I'm not sure about what the stereochemistry is in your drawing, but the second compound is either the same as the first one or it's the mirror image. You really should get a molecular model kit and build this if that's an option... I felt it made things a lot clearer when dealing with stereochemistry.

 

[joonkimdds]

I'm not sure about what the stereochemistry is in your drawing, but the second compound is either the same as the first one or it's the mirror image. You really should get a molecular model kit and build this if that's an option... I felt it made things a lot clearer when dealing with stereochemistry.

Yes, they are the identicaly compound.
But then here is a question for you. (I am not trying to be rude, or tricky)
2,3-butanediol has 2 chiral center.
...CH3
H-C-OH
H-C-OH
...CH3
this is one of them
and mirror image would be
.....CH3
HO-C-H
HO-C-H
.....CH3

the first and second image are mirror image to each other and not superposable.
Is this enantimer or identical?
if I flip it 180 degree, they are the identical compound, aren't they?
if they are identical, why aren't they enantiomer?
if they are enantiomer, why aren't they identical?
if they can be both, can my previous example about 2-butanol also be both identical and diastereomer?
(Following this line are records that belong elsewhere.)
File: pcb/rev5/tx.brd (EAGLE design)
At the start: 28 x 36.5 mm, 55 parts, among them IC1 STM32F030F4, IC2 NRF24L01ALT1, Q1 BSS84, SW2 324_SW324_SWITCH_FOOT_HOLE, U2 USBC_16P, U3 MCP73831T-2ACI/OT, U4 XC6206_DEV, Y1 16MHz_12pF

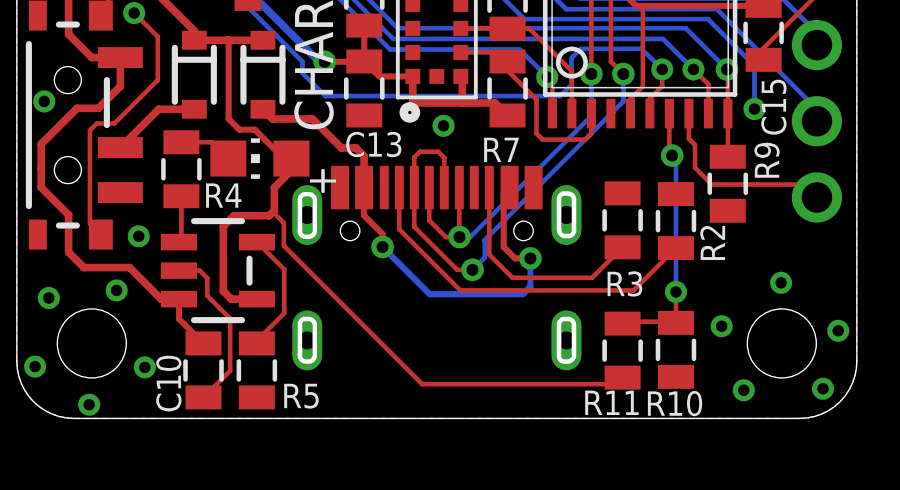
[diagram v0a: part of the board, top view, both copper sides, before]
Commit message: added trig_out on RX, preparing for next production run
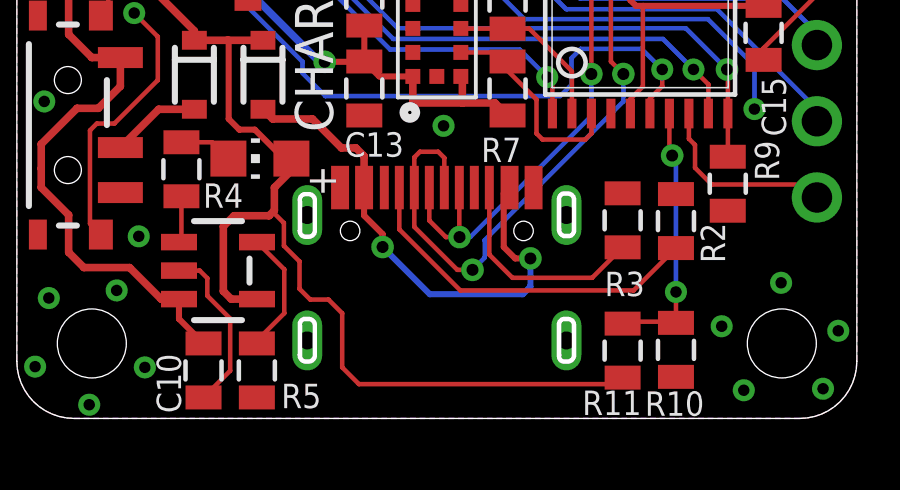
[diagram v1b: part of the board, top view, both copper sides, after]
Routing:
- net N$27: track 34.3 -> 35.9 mm
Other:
- board text added: "PD2 190823"
- board text removed: "PD3 191005"
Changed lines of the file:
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@@
 <text x="14" y="31.017" size="1.27" layer="26" font="vector" rot="MR0" align="center">dekuNukem 2019</text>
 <text x="14" y="33.205" size="1.524" layer="26" rot="MR0" align="center">git.io/daytripper</text>
-<text x="14" y="2.7432" size="1.27" layer="26" rot="MR0" align="center">PD3
-191005</text>
+<text x="14" y="2.7432" size="1.27" layer="26" rot="MR0" align="center">PD2
+190823</text>
 <text x="1.6256" y="13.9192" size="1.27" layer="26" rot="MR270">ON</text>
 <text x="1.6256" y="7.366" size="1.27" layer="26" rot="MR270">OFF</text>
@@
 <wire x1="8.4074" y1="6.7564" x2="7.239" y2="6.7564" width="0.254" layer="1"/>
 <wire x1="6.8834" y1="4.2418" x2="6.8834" y2="6.4008" width="0.254" layer="1"/>
+<wire x1="9.4234" y1="5.2324" x2="8.9027" y2="5.7531" width="0.1524" layer="1"/>
 <wire x1="20.193" y1="1.3606" x2="19.9754" y2="1.143" width="0.1524" layer="1"/>
-<wire x1="19.9754" y1="1.143" x2="13.5128" y2="1.143" width="0.1524" layer="1"/>
-<wire x1="13.5128" y1="1.143" x2="8.9027" y2="5.7531" width="0.1524" layer="1"/>
+<wire x1="19.9754" y1="1.143" x2="11.4046" y2="1.143" width="0.1524" layer="1"/>
+<wire x1="11.4046" y1="1.143" x2="10.8458" y2="1.7018" width="0.1524" layer="1"/>
+<wire x1="10.8458" y1="1.7018" x2="10.8458" y2="3.5052" width="0.1524" layer="1"/>
+<wire x1="10.8458" y1="3.5052" x2="10.3886" y2="3.9624" width="0.1524" layer="1"/>
+<wire x1="10.3886" y1="3.9624" x2="9.779" y2="3.9624" width="0.1524" layer="1"/>
+<wire x1="9.779" y1="3.9624" x2="9.4234" y2="4.318" width="0.1524" layer="1"/>
+<wire x1="9.4234" y1="4.318" x2="9.4234" y2="5.2324" width="0.1524" layer="1"/>
 <wire x1="9.1526" y1="8.6614" x2="9.1526" y2="8.2636" width="0.254" layer="1"/>
 <wire x1="9.1526" y1="8.2636" x2="8.5852" y2="7.6962" width="0.254" layer="1"/>

p.s. sorry if I am playing with your brain, but I am seriously having trouble with this. I have molecular model by the way.

 

[dontwakeme]

sorry for the double post.
But why can't 1 chiral be diastereomer?

For example, 2-butanol can be drawn as
C
|
C-OH
|
C
|
C

or

.....C
.....|
.....C
.....|
OH-C
.....|
.....C
if then, the first image is not a mirror image of second and they are not super posable thus diastereomer.

Nope. Don't even think of it as mirror images, it can get confusing.

Very simple rule: To form a compound's enantiomer, merely flip the stereochemical configuration of EVERY chiral center (R to S, S to R). To form a compound's diastereomer, flip 1 or more chiral center configurations, but not all of them. Thus, if you only have one chiral center and you flip it, you got the enantiomer. To form the diastereomer of a compound with a double bond, flip the substituents. No enantiomers for alkenes though.

 

[joonkimdds]

Nope. Don't even think of it as mirror images, it can get confusing.

Very simple rule: To form a compound's enantiomer, merely flip the stereochemical configuration of EVERY chiral center (R to S, S to R). To form a compound's diastereomer, flip 1 or more chiral center configurations, but not all of them. Thus, if you only have one chiral center and you flip it, you got the enantiomer. To form the diastereomer of a compound with a double bond, flip the substituents. No enantiomers for alkenes though.

Ok, I guess I should follow what's so called simple rule to get out of this mess. I will try my best to make all the mirror this mirror that stuff. That's like 200GB ram of my brain already.